# Sick Situation



## Kray_Z_Cat (Jun 11, 2003)

I Just thought of something like... SUPER crazy it's a sequence of events.... What would you guys think if this actually happened

1. Orlando Magic gets the 1st Pick in the NBA Draft

2. Magic make a deal with the Bobcats for them to take Grant Hill's contract off there hands in exchange for the 1st pick and that lil 3 million dollar thing.

3.Good ole Tracy McGrady makes a few calls to The Angeles and taks to a certain 6'6" SG from Lower Merion HS who happens to be a free agent.

4. That Free Agent signs a Max Deal with the Magic.

5. Bobcats waive Grant Hill so his contract isn't on their Salary Cap (they still have to pay him)

Orlando has 60 PPG automatic from 2 players
The Great Kobe vs. T-Mac debate ends as a new debate begins

Kobe/T-Mac vs. Jordan/Pippen

    
EVIL!!!! I'M FREAKIN EVIL!!!!!!


As a side note, with the 1st and 4th picks.... The Bobcats select Dwight Howard, and either Josh Smith or Shaun Livingston respectively


----------



## Tersk (Apr 9, 2004)

> Originally posted by <b>Kray_Z_Cat</b>!
> I Just thought of something like... SUPER crazy it's a sequence of events.... What would you guys think if this actually happened
> 
> 1. Orlando Magic gets the 1st Pick in the NBA Draft
> ...


Yer and then Jordan comes out of retirement for the lakers who hav already signed KG and AK47, whilst removing their crap players and signing ppl like Al Harrington and Bobby Jackson...oh yeah and this is all after Ben Wallace gets 100 points in a game


----------



## rebelsun (Nov 25, 2003)

Nice thought, but very unlikely. Kobe and TMac both playing in PHX is pretty unlikely, but both of them playing in Orlando is even more far off.

We can all dream though.


----------



## Vermillion (Mar 23, 2004)

Would Kobe even want to play with TMac?

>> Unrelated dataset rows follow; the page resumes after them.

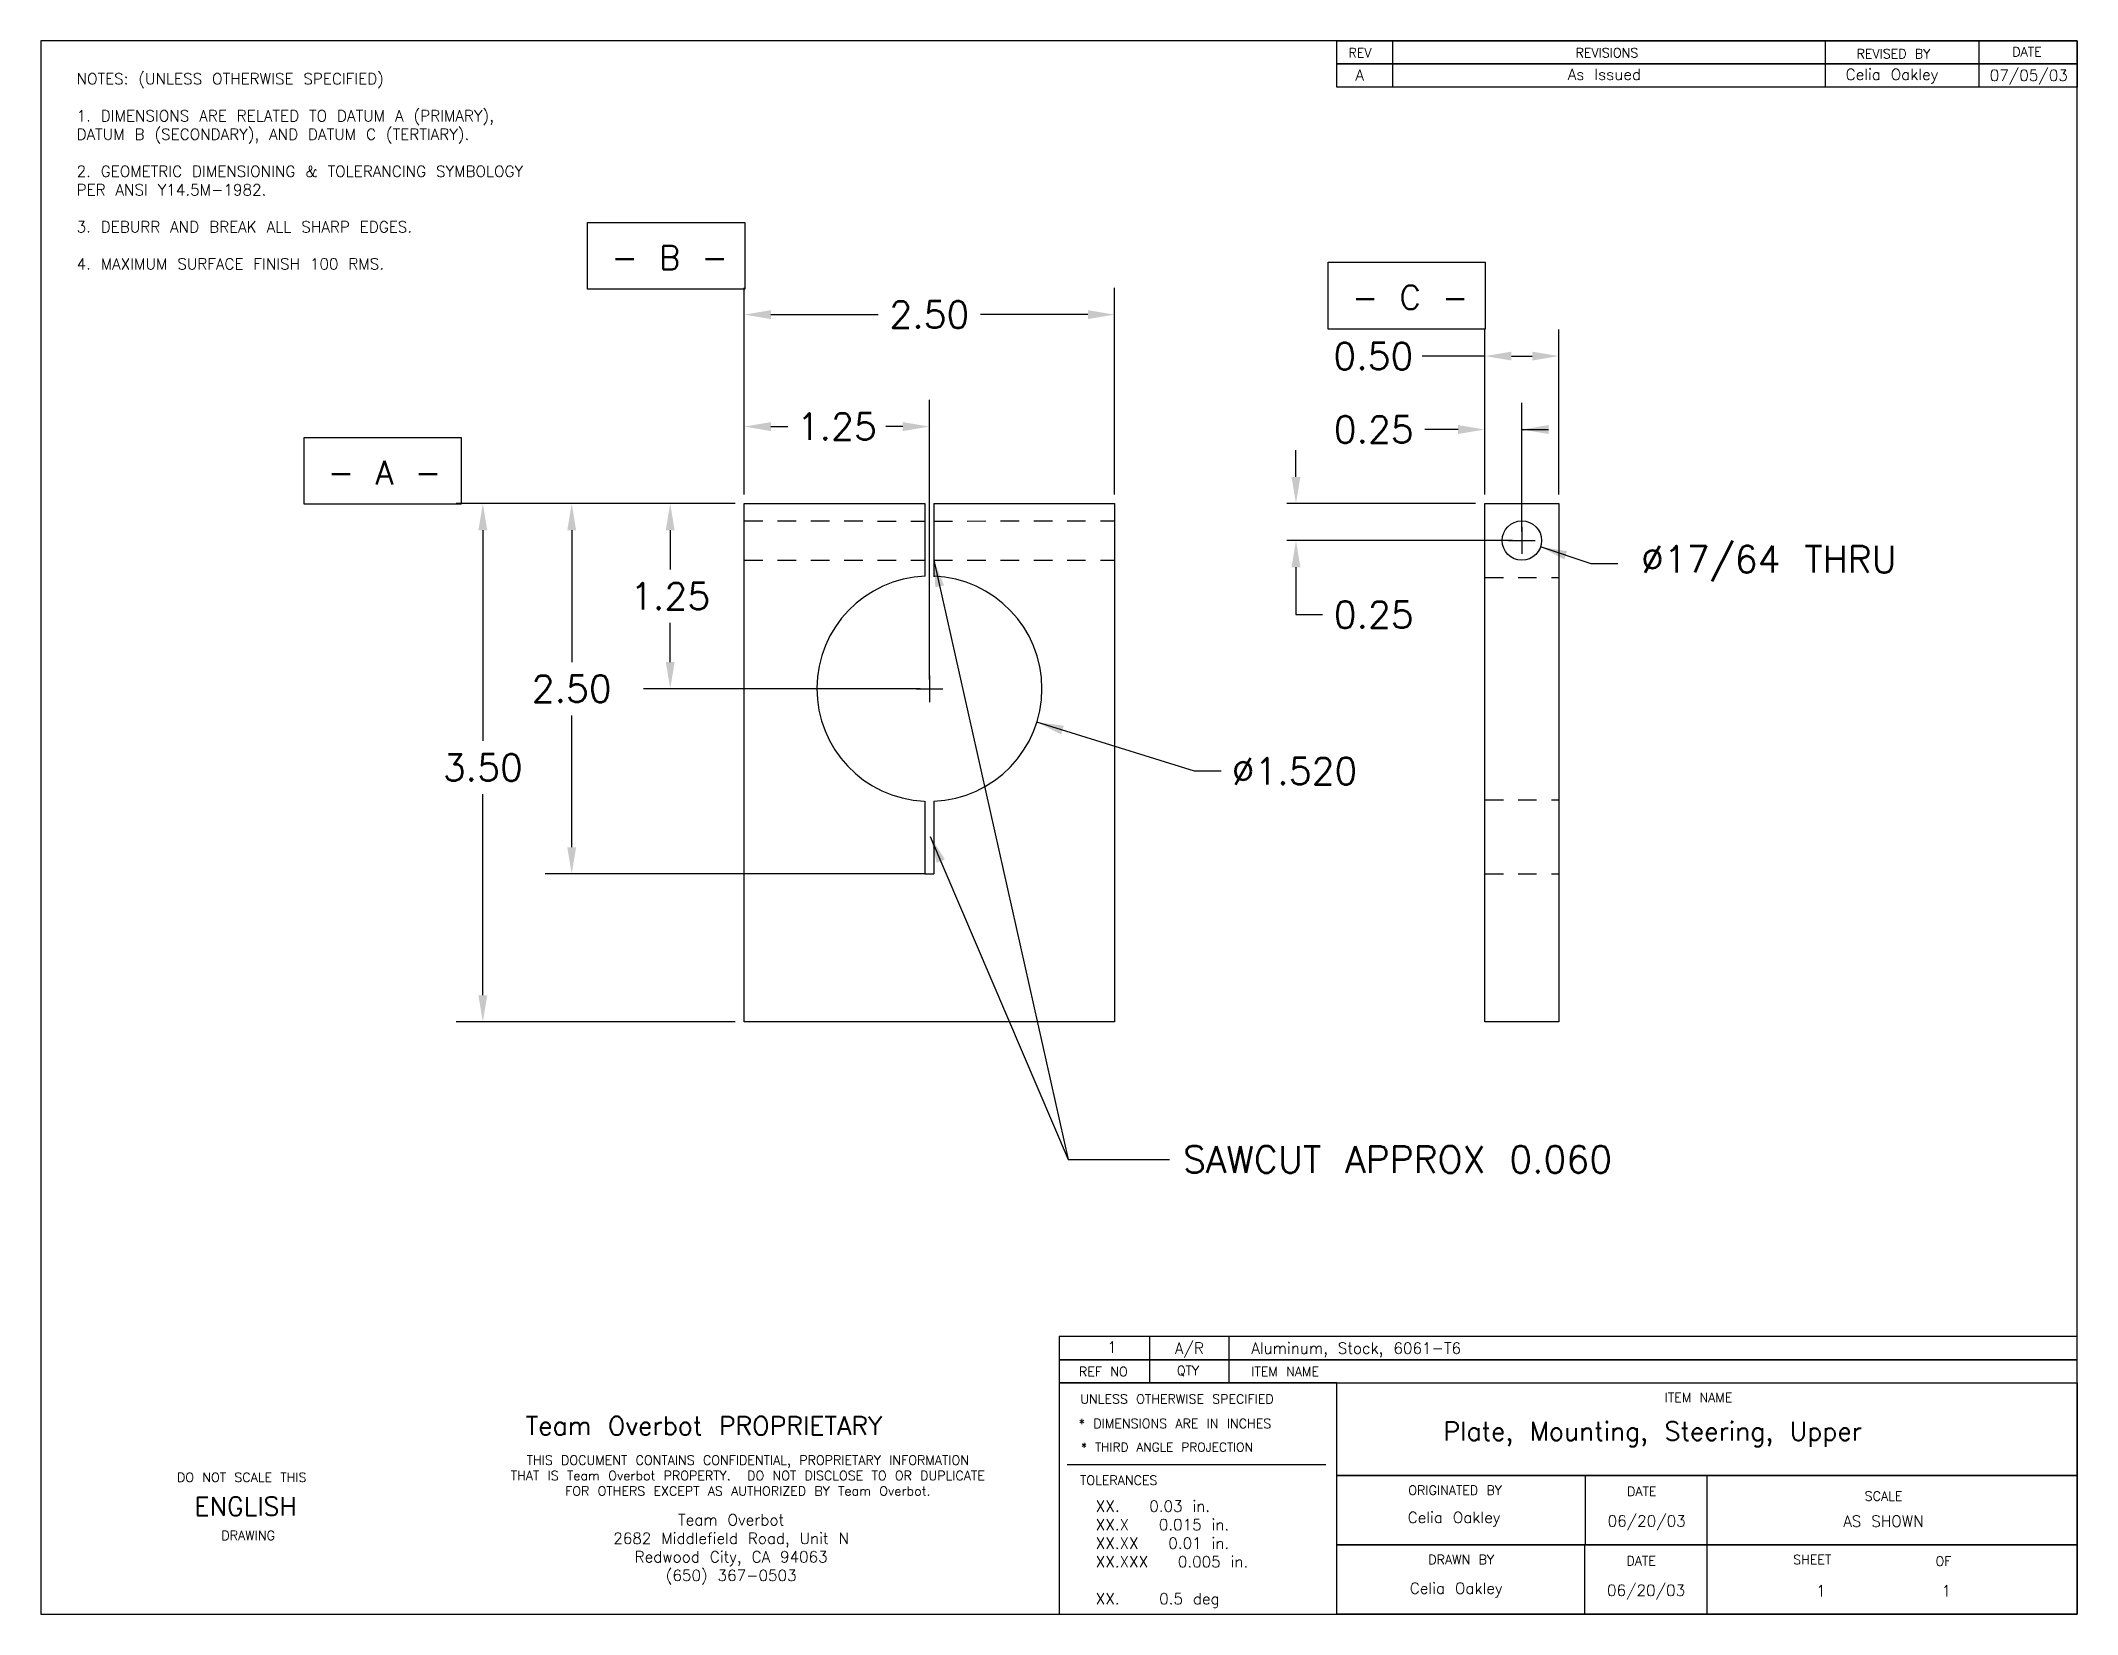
# Model space of a CAD drawing. Extents: x -2.8 to 11, y -2 to 8.6.
import ezdxf

# ---------------------------------------------------------------- set-up
doc = ezdxf.new("R2010")
doc.units = 0
doc.header["$MEASUREMENT"] = 0
doc.linetypes.add('HIDDEN2', pattern=[0.1875, 0.125, -0.0625])
doc.layers.get('0').update_dxf_attribs({"linetype": 'CONTINUOUS'})
doc.layers.get('DEFPOINTS').update_dxf_attribs({"linetype": 'CONTINUOUS'})
doc.layers.add('DIMENSIONS', color=1, linetype='CONTINUOUS')
doc.layers.add('TITLEBLOCK', color=5, linetype='CONTINUOUS')
doc.styles.get("Standard").update_dxf_attribs({"font": 'txt.shx'})
doc.dimstyles.get("Standard").update_dxf_attribs({"dimtxt": 0.18, "dimasz": 0.18, "dimexe": 0.18, "dimexo": 0.0625, "dimgap": 0.09, "dimtad": 0, "dimtih": 1, "dimtoh": 1, "dimdec": 4, "dimzin": 0, "dimtxsty": 'STANDARD', "dimcen": 0.09, "dimazin": 3, "dimtfac": 1, "dimtdec": 4, "dimtofl": 0, "dimtmove": 0, "dimatfit": 3, "dimtolj": 1, "dimtzin": 0})

# ---------------------------------------------------------------- blocks, each defined once
blk = doc.blocks.new('*D0')
at = {"color": 0, "linetype": 'BYBLOCK'}
for p, q in [((1.9375, 5.5), (1.32, 5.5)), ((1.5, 5.32), (1.5, 5.055)), ((1.5, 4.43), (1.5, 4.695)), ((3.1875, 4.25), (1.32, 4.25))]:
    blk.add_line(p, q, dxfattribs=at)
for points in [[(1.5, 5.5), (1.47, 5.32), (1.53, 5.32)], [(1.5, 4.25), (1.47, 4.43), (1.53, 4.43)]]:
    blk.add_solid(points, dxfattribs=at)
at = {"layer": 'DEFPOINTS', "color": 0, "linetype": 'BYBLOCK'}
for p in [(2, 5.5), (3.25, 4.25)]:
    blk.add_point(p, dxfattribs=at)
at = {"color": 0, "linetype": 'BYBLOCK', "insert": (1.5, 4.875), "char_height": 0.18, "attachment_point": 5}
blk.add_mtext('\\A1;1.25', dxfattribs=at)
blk = doc.blocks.new('*D7')
at = {"color": 0, "linetype": 'BYBLOCK'}
for p, q in [((1.938, 5.5), (0.055, 5.5)), ((0.235, 5.32), (0.235, 3.898)), ((0.235, 2.18), (0.235, 3.538)), ((1.938, 2), (0.055, 2))]:
    blk.add_line(p, q, dxfattribs=at)
for points in [[(0.235, 5.5), (0.205, 5.32), (0.265, 5.32)], [(0.235, 2), (0.205, 2.18), (0.265, 2.18)]]:
    blk.add_solid(points, dxfattribs=at)
at = {"layer": 'DEFPOINTS', "color": 0, "linetype": 'BYBLOCK'}
for p in [(2, 5.5), (2, 2)]:
    blk.add_point(p, dxfattribs=at)
at = {"color": 0, "linetype": 'BYBLOCK', "insert": (0.235, 3.718), "char_height": 0.18, "attachment_point": 5}
blk.add_mtext('\\A1;3.50', dxfattribs=at)
blk = doc.blocks.new('*D1')
at = {"color": 0, "linetype": 'BYBLOCK'}
for p, q in [((7, 5.5625), (7, 6.18)), ((7.25, 5.3125), (7.25, 6.18)), ((6.82, 6), (6.595, 6)), ((7.25, 6), (7.43, 6))]:
    blk.add_line(p, q, dxfattribs=at)
for points in [[(7, 6), (6.82, 5.97), (6.82, 6.03)], [(7.25, 6), (7.43, 5.97), (7.43, 6.03)]]:
    blk.add_solid(points, dxfattribs=at)
at = {"layer": 'DEFPOINTS', "color": 0, "linetype": 'BYBLOCK'}
for p in [(7, 5.5), (7.25, 5.25)]:
    blk.add_point(p, dxfattribs=at)
at = {"color": 0, "linetype": 'BYBLOCK', "insert": (6.25, 6), "char_height": 0.18, "attachment_point": 5}
blk.add_mtext('\\A1;0.25', dxfattribs=at)
blk = doc.blocks.new('*D3')
at = {"color": 0, "linetype": 'BYBLOCK'}
for p, q in [((7, 5.562), (7, 6.676)), ((7.5, 5.562), (7.5, 6.676)), ((7, 6.496), (6.577, 6.496)), ((7.18, 6.496), (7.32, 6.496))]:
    blk.add_line(p, q, dxfattribs=at)
for points in [[(7, 6.496), (7.18, 6.466), (7.18, 6.526)], [(7.5, 6.496), (7.32, 6.466), (7.32, 6.526)]]:
    blk.add_solid(points, dxfattribs=at)
at = {"layer": 'DEFPOINTS', "color": 0, "linetype": 'BYBLOCK'}
for p in [(7, 5.5), (7.5, 5.5)]:
    blk.add_point(p, dxfattribs=at)
at = {"color": 0, "linetype": 'BYBLOCK', "insert": (6.247, 6.496), "char_height": 0.18, "attachment_point": 5}
blk.add_mtext('\\A1;0.50', dxfattribs=at)
blk = doc.blocks.new('*D2')
at = {"color": 0, "linetype": 'BYBLOCK'}
for p, q in [((5.725, 5.68), (5.725, 5.86)), ((6.9375, 5.5), (5.6625, 5.5)), ((7.1875, 5.25), (5.6625, 5.25)), ((5.725, 5.07), (5.725, 4.75)), ((5.725, 4.75), (5.905, 4.75))]:
    blk.add_line(p, q, dxfattribs=at)
for points in [[(5.725, 5.5), (5.695, 5.68), (5.755, 5.68)], [(5.725, 5.25), (5.695, 5.07), (5.755, 5.07)]]:
    blk.add_solid(points, dxfattribs=at)
at = {"layer": 'DEFPOINTS', "color": 0, "linetype": 'BYBLOCK'}
for p in [(7, 5.5), (7.25, 5.25)]:
    blk.add_point(p, dxfattribs=at)
at = {"color": 0, "linetype": 'BYBLOCK', "insert": (6.25, 4.75), "char_height": 0.18, "attachment_point": 5}
blk.add_mtext('\\A1;0.25', dxfattribs=at)
blk = doc.blocks.new('*D4')
at = {"color": 0, "linetype": 'BYBLOCK'}
for p, q in [((7.16, 5.25), (7.34, 5.25)), ((7.25, 5.34), (7.25, 5.16)), ((7.718, 5.094), (7.376, 5.208)), ((7.898, 5.094), (7.718, 5.094))]:
    blk.add_line(p, q, dxfattribs=at)
blk.add_solid([(7.376, 5.208), (7.537, 5.123), (7.556, 5.179)], dxfattribs=at)
at = {"color": 0, "linetype": 'BYBLOCK', "insert": (8.918, 5.094), "char_height": 0.18, "attachment_point": 5}
blk.add_mtext('%%C17/64 THRU', dxfattribs=at)
blk = doc.blocks.new('*D5')
at = {"color": 0, "linetype": 'BYBLOCK'}
for p, q in [((2, 5.562), (2, 6.2)), ((3.25, 4.312), (3.25, 6.2)), ((2.18, 6.02), (2.295, 6.02)), ((3.07, 6.02), (2.955, 6.02))]:
    blk.add_line(p, q, dxfattribs=at)
for points in [[(2, 6.02), (2.18, 5.99), (2.18, 6.05)], [(3.25, 6.02), (3.07, 5.99), (3.07, 6.05)]]:
    blk.add_solid(points, dxfattribs=at)
at = {"layer": 'DEFPOINTS', "color": 0, "linetype": 'BYBLOCK'}
for p in [(2, 5.5), (3.25, 4.25)]:
    blk.add_point(p, dxfattribs=at)
at = {"color": 0, "linetype": 'BYBLOCK', "insert": (2.625, 6.02), "char_height": 0.18, "attachment_point": 5}
blk.add_mtext('\\A1;1.25', dxfattribs=at)
blk = doc.blocks.new('*D6')
at = {"color": 0, "linetype": 'BYBLOCK'}
for p, q in [((2, 5.562), (2, 6.956)), ((4.5, 5.562), (4.5, 6.956)), ((2.18, 6.776), (2.905, 6.776)), ((4.32, 6.776), (3.595, 6.776))]:
    blk.add_line(p, q, dxfattribs=at)
for points in [[(2, 6.776), (2.18, 6.746), (2.18, 6.806)], [(4.5, 6.776), (4.32, 6.746), (4.32, 6.806)]]:
    blk.add_solid(points, dxfattribs=at)
at = {"layer": 'DEFPOINTS', "color": 0, "linetype": 'BYBLOCK'}
for p in [(2, 5.5), (4.5, 5.5)]:
    blk.add_point(p, dxfattribs=at)
at = {"color": 0, "linetype": 'BYBLOCK', "insert": (3.25, 6.776), "char_height": 0.18, "attachment_point": 5}
blk.add_mtext('\\A1;2.50', dxfattribs=at)
blk = doc.blocks.new('*D8')
at = {"color": 0, "linetype": 'BYBLOCK'}
for p, q in [((1.938, 5.5), (0.655, 5.5)), ((0.835, 5.32), (0.835, 4.43)), ((0.835, 3.18), (0.835, 4.07)), ((3.217, 3), (0.655, 3))]:
    blk.add_line(p, q, dxfattribs=at)
for points in [[(0.835, 5.5), (0.805, 5.32), (0.865, 5.32)], [(0.835, 3), (0.805, 3.18), (0.865, 3.18)]]:
    blk.add_solid(points, dxfattribs=at)
at = {"layer": 'DEFPOINTS', "color": 0, "linetype": 'BYBLOCK'}
for p in [(2, 5.5), (3.28, 3)]:
    blk.add_point(p, dxfattribs=at)
at = {"color": 0, "linetype": 'BYBLOCK', "insert": (0.835, 4.25), "char_height": 0.18, "attachment_point": 5}
blk.add_mtext('\\A1;2.50', dxfattribs=at)
blk = doc.blocks.new('*D9')
at = {"color": 0, "linetype": 'BYBLOCK'}
for p, q in [((3.25, 4.34), (3.25, 4.16)), ((3.16, 4.25), (3.34, 4.25)), ((5.04, 3.694), (3.976, 4.024)), ((5.22, 3.694), (5.04, 3.694))]:
    blk.add_line(p, q, dxfattribs=at)
blk.add_solid([(3.976, 4.024), (4.139, 3.942), (4.157, 4)], dxfattribs=at)
at = {"color": 0, "linetype": 'BYBLOCK', "insert": (5.715, 3.694), "char_height": 0.18, "attachment_point": 5}
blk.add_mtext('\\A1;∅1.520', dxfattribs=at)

He finally gets out to show the world that he can win without Shaq, then he joins another superstar? 

The debate would then start over again, except the question would be if Kobe could win without TMac.


----------



## JNice (Jul 13, 2002)

I posted something similiar here - http://www.basketballboards.net/forum/showthread.php?s=&threadid=86386&forumid=117

Although not necessarily mentioning signing Kobe, but a way for Orlando to get Hill off their hands.


----------